Exactly retype the lines from the top of the data through the line containing "matlab function Manipulator_4DOF_dynamics_001/Vx", leaving out every picture.

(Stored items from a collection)
=== Begin Enclosure ===
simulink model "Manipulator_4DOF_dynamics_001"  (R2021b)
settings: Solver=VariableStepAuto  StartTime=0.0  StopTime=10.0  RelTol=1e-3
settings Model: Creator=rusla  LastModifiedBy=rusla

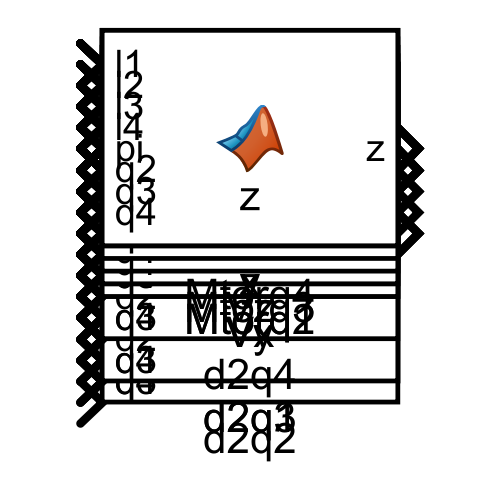
[thumbnail: Simulink's stored preview of the top-level diagram]
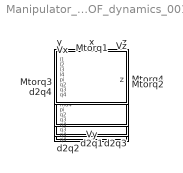
== system Manipulator_4DOF_dynamics_001 ==
  Mtorq1 : MATLAB Function  TreatAsAtomicUnit=on
  Mtorq2 : MATLAB Function  TreatAsAtomicUnit=on
  Mtorq3 : MATLAB Function  TreatAsAtomicUnit=on
  Mtorq4 : MATLAB Function  TreatAsAtomicUnit=on
  Vx : MATLAB Function  TreatAsAtomicUnit=on
  Vy : MATLAB Function  TreatAsAtomicUnit=on
  Vz : MATLAB Function  TreatAsAtomicUnit=on
  d2q1 : MATLAB Function  TreatAsAtomicUnit=on
  d2q2 : MATLAB Function  TreatAsAtomicUnit=on
  d2q3 : MATLAB Function  TreatAsAtomicUnit=on
  d2q4 : MATLAB Function  TreatAsAtomicUnit=on
  x : MATLAB Function  TreatAsAtomicUnit=on
  y : MATLAB Function  TreatAsAtomicUnit=on
  z : MATLAB Function  TreatAsAtomicUnit=on

== matlab function Manipulator_4DOF_dynamics_001/Vx ==
  data: dq1 input; Vx output; dq2 input; dq3 input; dq4 input; l2 input; l3 input; l4 input; pi input; q1 input; q2 input; q3 input; q4 input
function Vx = Vx(dq1,dq2,dq3,dq4,l2,l3,l4,pi,q1,q2,q3,q4)
%#codegen

%    This function was generated by the Symbolic Math Toolbox version 9.0.
%    11-May-2022 22:38:02

t2 = cos(q1);
t3 = cos(q2);
t4 = cos(q3);
t5 = cos(q4);
t6 = sin(q1);
t7 = sin(q2);
t8 = sin(q3);
t9 = sin(q4);
t14 = pi./2.0;
t10 = t2.*t3;
t11 = t2.*t7;
t12 = t3.*t6;
t13 = t6.*t7;
t15 = cos(t14);
t16 = t10.*t15;
t17 = t11.*t15;
t18 = t12.*t15;
t19 = t13.*t15;
t20 = -t17;
t21 = -t18;
t22 = t10+t19;
t23 = t13+t16;
t24 = t11+t21;
t25 = t12+t20;
t26 = t8.*t22;
t27 = t8.*t23;
t28 = t4.*t22;
t29 = t8.*t24;
t30 = t4.*t24;
t31 = t4.*t25;
t32 = -t30;
t33 = t27+t31;
t34 = t28+t29;
t35 = t26+t32;
t36 = t9.*t34;
t37 = l3.*t35;
t38 = t5.*t35;
t39 = t36+t38;
t40 = l4.*t39;
Vx = -dq3.*(t37+t40)-dq4.*t40+dq2.*(t37+t40-l2.*t24)-dq1.*(l4.*(t5.*t33+t9.*(t4.*t23-t8.*t25))+l2.*t25+l3.*t33);

== matlab function Manipulator_4DOF_dynamics_001/Vy ==
  data: dq1 input; Vy output; dq2 input; dq3 input; dq4 input; l2 input; l3 input; l4 input; pi input; q1 input; q2 input; q3 input; q4 input
function Vy = Vy(dq1,dq2,dq3,dq4,l2,l3,l4,pi,q1,q2,q3,q4)
%#codegen

%    This function was generated by the Symbolic Math Toolbox version 9.0.
%    11-May-2022 22:38:03

t2 = cos(q1);
t3 = cos(q2);
t4 = cos(q3);
t5 = cos(q4);
t6 = sin(q1);
t7 = sin(q2);
t8 = sin(q3);
t9 = sin(q4);
t14 = pi./2.0;
t10 = t2.*t3;
t11 = t2.*t7;
t12 = t3.*t6;
t13 = t6.*t7;
t15 = cos(t14);
t16 = t10.*t15;
t17 = t11.*t15;
t18 = t12.*t15;
t19 = t13.*t15;
t20 = -t17;
t21 = -t18;
t22 = t10+t19;
t23 = t13+t16;
t24 = t11+t21;
t25 = t12+t20;
t26 = t8.*t23;
t27 = t4.*t22;
t28 = t4.*t23;
t29 = t8.*t24;
t30 = t8.*t25;
t31 = t4.*t25;
t32 = -t28;
t33 = t26+t31;
t34 = t27+t29;
t35 = t30+t32;
t37 = -l3.*(t28-t30);
t38 = -t5.*(t28-t30);
t36 = t9.*t33;
t39 = t36+t38;
t40 = l4.*t39;
Vy = -dq3.*(t37+t40)-dq4.*t40-dq2.*(-t40+l2.*t23+l3.*(t28-t30))+dq1.*(l4.*(t5.*t34+t9.*(t4.*t24-t8.*t22))+l2.*t22+l3.*t34);

== matlab function Manipulator_4DOF_dynamics_001/Vz ==
  data: dq2 input; Vz output; dq3 input; dq4 input; l2 input; l3 input; l4 input; pi input; q2 input; q3 input; q4 input
function Vz = Vz(dq2,dq3,dq4,l2,l3,l4,pi,q2,q3,q4)
%#codegen

%    This function was generated by the Symbolic Math Toolbox version 9.0.
%    11-May-2022 22:38:04

t2 = -q2;
t3 = -q3;
t4 = q2+t3;
t6 = q3+q4+t2;
t5 = cos(t4);
t7 = cos(t6);
Vz = sin(pi./2.0).*(dq2.*l2.*cos(q2)+dq2.*l3.*t5-dq3.*l3.*t5+dq2.*l4.*t7-dq3.*l4.*t7-dq4.*l4.*t7);

== matlab function Manipulator_4DOF_dynamics_001/Mtorq1 ==
  data: Fx input; Mtorq1 output; Fy input; Mfi input; l2 input; l3 input; l4 input; pi input; q1 input; q2 input; q3 input; q4 input
function Mtorq1 = Mtorq1(Fx,Fy,Mfi,l2,l3,l4,pi,q1,q2,q3,q4)
%#codegen

%    This function was generated by the Symbolic Math Toolbox version 9.0.
%    11-May-2022 22:38:05

t2 = cos(q1);
t3 = cos(q2);
t4 = cos(q3);
t5 = cos(q4);
t6 = sin(q1);
t7 = sin(q2);
t8 = sin(q3);
t9 = sin(q4);
t14 = pi./2.0;
t10 = t2.*t3;
t11 = t2.*t7;
t12 = t3.*t6;
t13 = t6.*t7;
t15 = cos(t14);
t16 = t10.*t15;
t17 = t11.*t15;
t18 = t12.*t15;
t19 = t13.*t15;
t20 = -t17;
t21 = -t18;
t22 = t10+t19;
t23 = t13+t16;
t24 = t11+t21;
t25 = t12+t20;
t26 = t8.*t23;
t27 = t4.*t22;
t28 = t8.*t24;
t29 = t4.*t25;
t30 = t26+t29;
t31 = t27+t28;
Mtorq1 = Mfi-Fx.*(l4.*(t5.*t30+t9.*(t4.*t23-t8.*t25))+l2.*t25+l3.*t30)+Fy.*(l4.*(t5.*t31+t9.*(t4.*t24-t8.*t22))+l2.*t22+l3.*t31);

== matlab function Manipulator_4DOF_dynamics_001/Mtorq2 ==
  data: Fx input; Mtorq2 output; Fy input; Fz input; l2 input; l3 input; l4 input; pi input; q1 input; q2 input; q3 input; q4 input
function Mtorq2 = Mtorq2(Fx,Fy,Fz,l2,l3,l4,pi,q1,q2,q3,q4)
%#codegen

%    This function was generated by the Symbolic Math Toolbox version 9.0.
%    11-May-2022 22:38:06

t2 = cos(q1);
t3 = cos(q2);
t4 = cos(q3);
t5 = cos(q4);
t6 = sin(q1);
t7 = sin(q2);
t8 = sin(q3);
t9 = sin(q4);
t10 = -q3;
t15 = pi./2.0;
t11 = t2.*t3;
t12 = t2.*t7;
t13 = t3.*t6;
t14 = t6.*t7;
t16 = cos(t15);
t17 = sin(t15);
t18 = q2+t10;
t19 = t11.*t16;
t20 = t12.*t16;
t21 = t13.*t16;
t22 = t14.*t16;
t23 = -t20;
t24 = -t21;
t25 = t11+t22;
t26 = t14+t19;
t27 = t12+t24;
t28 = t13+t23;
t29 = t8.*t25;
t30 = t4.*t26;
t31 = t8.*t28;
t32 = t4.*t27;
t33 = -t30;
t34 = -t32;
t36 = t31+t33;
t35 = t29+t34;
Mtorq2 = -Fy.*(l2.*t26+l4.*(t5.*(t30-t31)-t9.*(t4.*t28+t8.*t26))+l3.*(t30-t31))+Fx.*(l4.*(t5.*t35+t9.*(t4.*t25+t8.*t27))-l2.*t27+l3.*t35)+Fz.*(l4.*(t5.*t17.*cos(t18)+t9.*t17.*sin(t18))+l3.*(t3.*t4.*t17+t7.*t8.*t17)+l2.*t3.*t17);

== matlab function Manipulator_4DOF_dynamics_001/Mtorq3 ==
  data: Fx input; Mtorq3 output; Fy input; Fz input; l3 input; l4 input; pi input; q1 input; q2 input; q3 input; q4 input
function Mtorq3 = Mtorq3(Fx,Fy,Fz,l3,l4,pi,q1,q2,q3,q4)
%#codegen

%    This function was generated by the Symbolic Math Toolbox version 9.0.
%    11-May-2022 22:38:07

t2 = cos(q1);
t3 = cos(q2);
t4 = cos(q3);
t5 = cos(q4);
t6 = sin(q1);
t7 = sin(q2);
t8 = sin(q3);
t9 = sin(q4);
t10 = -q3;
t15 = pi./2.0;
t11 = t2.*t3;
t12 = t2.*t7;
t13 = t3.*t6;
t14 = t6.*t7;
t16 = cos(t15);
t17 = sin(t15);
t18 = q2+t10;
t19 = t11.*t16;
t20 = t12.*t16;
t21 = t13.*t16;
t22 = t14.*t16;
t23 = -t20;
t24 = -t21;
t25 = t11+t22;
t26 = t14+t19;
t27 = t12+t24;
t28 = t13+t23;
t29 = t8.*t25;
t30 = t4.*t26;
t31 = t8.*t28;
t32 = t4.*t27;
t33 = -t30;
t34 = -t32;
t36 = t31+t33;
t35 = t29+t34;
Mtorq3 = -Fz.*(l4.*(t5.*t17.*cos(t18)+t9.*t17.*sin(t18))+l3.*(t3.*t4.*t17+t7.*t8.*t17))-Fx.*(l4.*(t5.*t35+t9.*(t4.*t25+t8.*t27))+l3.*t35)+Fy.*(l4.*(t5.*(t30-t31)-t9.*(t4.*t28+t8.*t26))+l3.*(t30-t31));

== matlab function Manipulator_4DOF_dynamics_001/Mtorq4 ==
  data: Fx input; Mtorq4 output; Fy input; Fz input; l4 input; pi input; q1 input; q2 input; q3 input; q4 input
function Mtorq4 = Mtorq4(Fx,Fy,Fz,l4,pi,q1,q2,q3,q4)
%#codegen

%    This function was generated by the Symbolic Math Toolbox version 9.0.
%    11-May-2022 22:38:08

t2 = cos(q1);
t3 = cos(q2);
t4 = cos(q3);
t5 = cos(q4);
t6 = sin(q1);
t7 = sin(q2);
t8 = sin(q3);
t9 = sin(q4);
t10 = -q3;
t15 = pi./2.0;
t11 = t2.*t3;
t12 = t2.*t7;
t13 = t3.*t6;
t14 = t6.*t7;
t16 = cos(t15);
t17 = sin(t15);
t18 = q2+t10;
t19 = t11.*t16;
t20 = t12.*t16;
t21 = t13.*t16;
t22 = t14.*t16;
t23 = -t20;
t24 = -t21;
t25 = t11+t22;
t26 = t14+t19;
t27 = t12+t24;
t28 = t13+t23;
Mtorq4 = -Fz.*l4.*(t5.*t17.*cos(t18)+t9.*t17.*sin(t18))+Fx.*l4.*(t5.*(t4.*t27-t8.*t25)-t9.*(t4.*t25+t8.*t27))+Fy.*l4.*(t5.*(t4.*t26-t8.*t28)-t9.*(t4.*t28+t8.*t26));

== matlab function Manipulator_4DOF_dynamics_001/x ==
  data: l2 input; x output; l3 input; l4 input; pi input; q1 input; q2 input; q3 input; q4 input
function x = x(l2,l3,l4,pi,q1,q2,q3,q4)
%#codegen

%    This function was generated by the Symbolic Math Toolbox version 9.0.
%    11-May-2022 22:38:09

t2 = cos(q1);
t3 = cos(q2);
t4 = cos(q3);
t5 = sin(q1);
t6 = sin(q2);
t7 = sin(q3);
t10 = pi./2.0;
t8 = t2.*t3;
t9 = t2.*t6;
t11 = cos(t10);
t12 = t3.*t5.*t11;
t13 = t5.*t6.*t11;
t14 = -t12;
t15 = t8+t13;
t16 = t9+t14;
t17 = t4.*t15;
t18 = t7.*t16;
t19 = t17+t18;
x = l4.*(sin(q4).*(t4.*t16-t7.*t15)+t19.*cos(q4))+l2.*t15+l3.*t19;

== matlab function Manipulator_4DOF_dynamics_001/d2q2 ==
  data: B input; d2q2 output; dq1 input; dq2 input; dq3 input; dq4 input; g input; l2 input; l3 input; l4 input; m2 input; m3 input; m4 input; mu2 input; pi input; q2 input; q3 input; q4 input
function d2q2 = d2q2(B,dq1,dq2,dq3,dq4,g,l2,l3,l4,m2,m3,m4,mu2,pi,q2,q3,q4)
%#codegen

%    This function was generated by the Symbolic Math Toolbox version 9.0.
%    11-May-2022 22:37:59

t2 = cos(q2);
t3 = sin(q3);
t4 = sin(q4);
t5 = B+q4;
t6 = q3+q4;
t7 = B.*2.0;
t8 = dq1.^2;
t9 = dq3.^2;
t10 = dq4.^2;
t11 = l2.^2;
t12 = l3.^2;
t13 = l4.^2;
t14 = q2.*2.0;
t15 = q3.*2.0;
t16 = q4.*2.0;
t21 = -pi;
t22 = -q2;
t24 = -q3;
t26 = -q4;
t28 = pi./2.0;
t17 = sin(t14);
t18 = q3+t5;
t19 = sin(t5);
t20 = sin(t6);
t23 = -t14;
t25 = -t15;
t27 = pi+t14;
t31 = cos(t28);
t32 = sin(t28);
t34 = q2+t24;
t38 = t14+t24;
t29 = sin(t18);
t30 = sin(t27);
t33 = pi+t23;
t35 = cos(t34);
t39 = t14+t25;
t41 = t24+t27;
t43 = t25+t27;
t44 = sin(t38);
t36 = q3+t33;
t37 = sin(t33);
t42 = t15+t33;
t45 = sin(t39);
t46 = sin(t41);
t48 = sin(t43);
t40 = sin(t36);
t47 = sin(t42);
et1 = mu2.*4.0-(m2.*t8.*t11.*t17)./3.0-m3.*t8.*t11.*t17-m4.*t8.*t11.*t17+(m2.*t8.*t11.*t30)./6.0+(m3.*t8.*t11.*t30)./2.0+(m4.*t8.*t11.*t30)./2.0-(m2.*t8.*t11.*t37)./6.0-(m3.*t8.*t11.*t37)./2.0-(m4.*t8.*t11.*t37)./2.0-(m3.*t8.*t12.*t45)./3.0-m4.*t8.*t12.*t45-(m3.*t8.*t12.*t47)./6.0+(m3.*t8.*t12.*t48)./6.0-(m4.*t8.*t12.*t47)./2.0+(m4.*t8.*t12.*t48)./2.0+(m4.*t8.*t13.*sin(t5.*2.0+t15+t23))./3.0+(m4.*t8.*t13.*sin(t6+t18+t21+t23))./2.0-(m4.*t8.*t13.*sin(t5.*2.0+t15+t21+t23))./6.0+m4.*t8.*t13.*sin(t6.*2.0+t23)+(m4.*t8.*t13.*sin(t6.*-2.0+t27))./2.0;
et2 = m4.*t8.*t13.*sin(t6.*2.0+t33).*(-1.0./2.0)-(m4.*t8.*t13.*sin(t5.*2.0+t42))./6.0-m4.*t8.*t13.*sin(t6+t18+t23)+(m4.*t8.*t13.*sin(t6+t18+t33))./2.0+l2.*l4.*m4.*t8.*sin(-t6+t27)+l3.*l4.*m4.*t8.*sin(-t6+t41)+l3.*l4.*m4.*t8.*sin(q3+t6+t23).*2.0-l3.*l4.*m4.*t8.*sin(t5+t15+t23)+(l2.*l4.*m4.*t8.*sin(t18+t21+t23))./2.0-g.*l2.*m2.*t2.*t32.*2.0-g.*l2.*m3.*t2.*t32.*4.0-g.*l2.*m4.*t2.*t32.*4.0-g.*l3.*m3.*t32.*t35.*2.0-g.*l3.*m4.*t32.*t35.*4.0-l2.*l3.*m3.*t3.*t9.*2.0-l2.*l3.*m4.*t3.*t9.*4.0-l3.*l4.*m4.*t4.*t10.*4.0-l2.*l4.*m4.*t9.*t20.*4.0-l2.*l4.*m4.*t10.*t20.*4.0+l3.*l4.*m4.*t10.*t19.*2.0;
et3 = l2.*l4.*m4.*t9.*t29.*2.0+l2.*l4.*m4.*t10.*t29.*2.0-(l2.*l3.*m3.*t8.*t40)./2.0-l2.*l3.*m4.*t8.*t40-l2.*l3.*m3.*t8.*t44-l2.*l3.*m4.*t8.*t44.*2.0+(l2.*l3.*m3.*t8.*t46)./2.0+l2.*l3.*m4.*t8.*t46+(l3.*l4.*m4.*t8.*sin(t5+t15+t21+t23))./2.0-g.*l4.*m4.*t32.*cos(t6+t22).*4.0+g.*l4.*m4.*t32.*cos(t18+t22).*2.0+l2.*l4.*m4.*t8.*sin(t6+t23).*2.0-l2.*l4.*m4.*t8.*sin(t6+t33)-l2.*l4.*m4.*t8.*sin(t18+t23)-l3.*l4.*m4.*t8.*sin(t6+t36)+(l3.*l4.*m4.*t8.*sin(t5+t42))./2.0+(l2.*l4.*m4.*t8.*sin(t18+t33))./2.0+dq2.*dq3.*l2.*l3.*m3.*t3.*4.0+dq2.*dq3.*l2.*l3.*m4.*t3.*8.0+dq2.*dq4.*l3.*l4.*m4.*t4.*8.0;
=== End Enclosure ===
▶ _YOUR RESPONSE_:
simulink model "Manipulator_4DOF_dynamics_001"  (R2021b)
settings: Solver=VariableStepAuto  StartTime=0.0  StopTime=10.0  RelTol=1e-3
settings Model: Creator=rusla  LastModifiedBy=rusla

[thumbnail: Simulink's stored preview of the top-level diagram]
== system Manipulator_4DOF_dynamics_001 ==
  Mtorq1 : MATLAB Function  TreatAsAtomicUnit=on
  Mtorq2 : MATLAB Function  TreatAsAtomicUnit=on
  Mtorq3 : MATLAB Function  TreatAsAtomicUnit=on
  Mtorq4 : MATLAB Function  TreatAsAtomicUnit=on
  Vx : MATLAB Function  TreatAsAtomicUnit=on
  Vy : MATLAB Function  TreatAsAtomicUnit=on
  Vz : MATLAB Function  TreatAsAtomicUnit=on
  d2q1 : MATLAB Function  TreatAsAtomicUnit=on
  d2q2 : MATLAB Function  TreatAsAtomicUnit=on
  d2q3 : MATLAB Function  TreatAsAtomicUnit=on
  d2q4 : MATLAB Function  TreatAsAtomicUnit=on
  x : MATLAB Function  TreatAsAtomicUnit=on
  y : MATLAB Function  TreatAsAtomicUnit=on
  z : MATLAB Function  TreatAsAtomicUnit=on

== matlab function Manipulator_4DOF_dynamics_001/Vx ==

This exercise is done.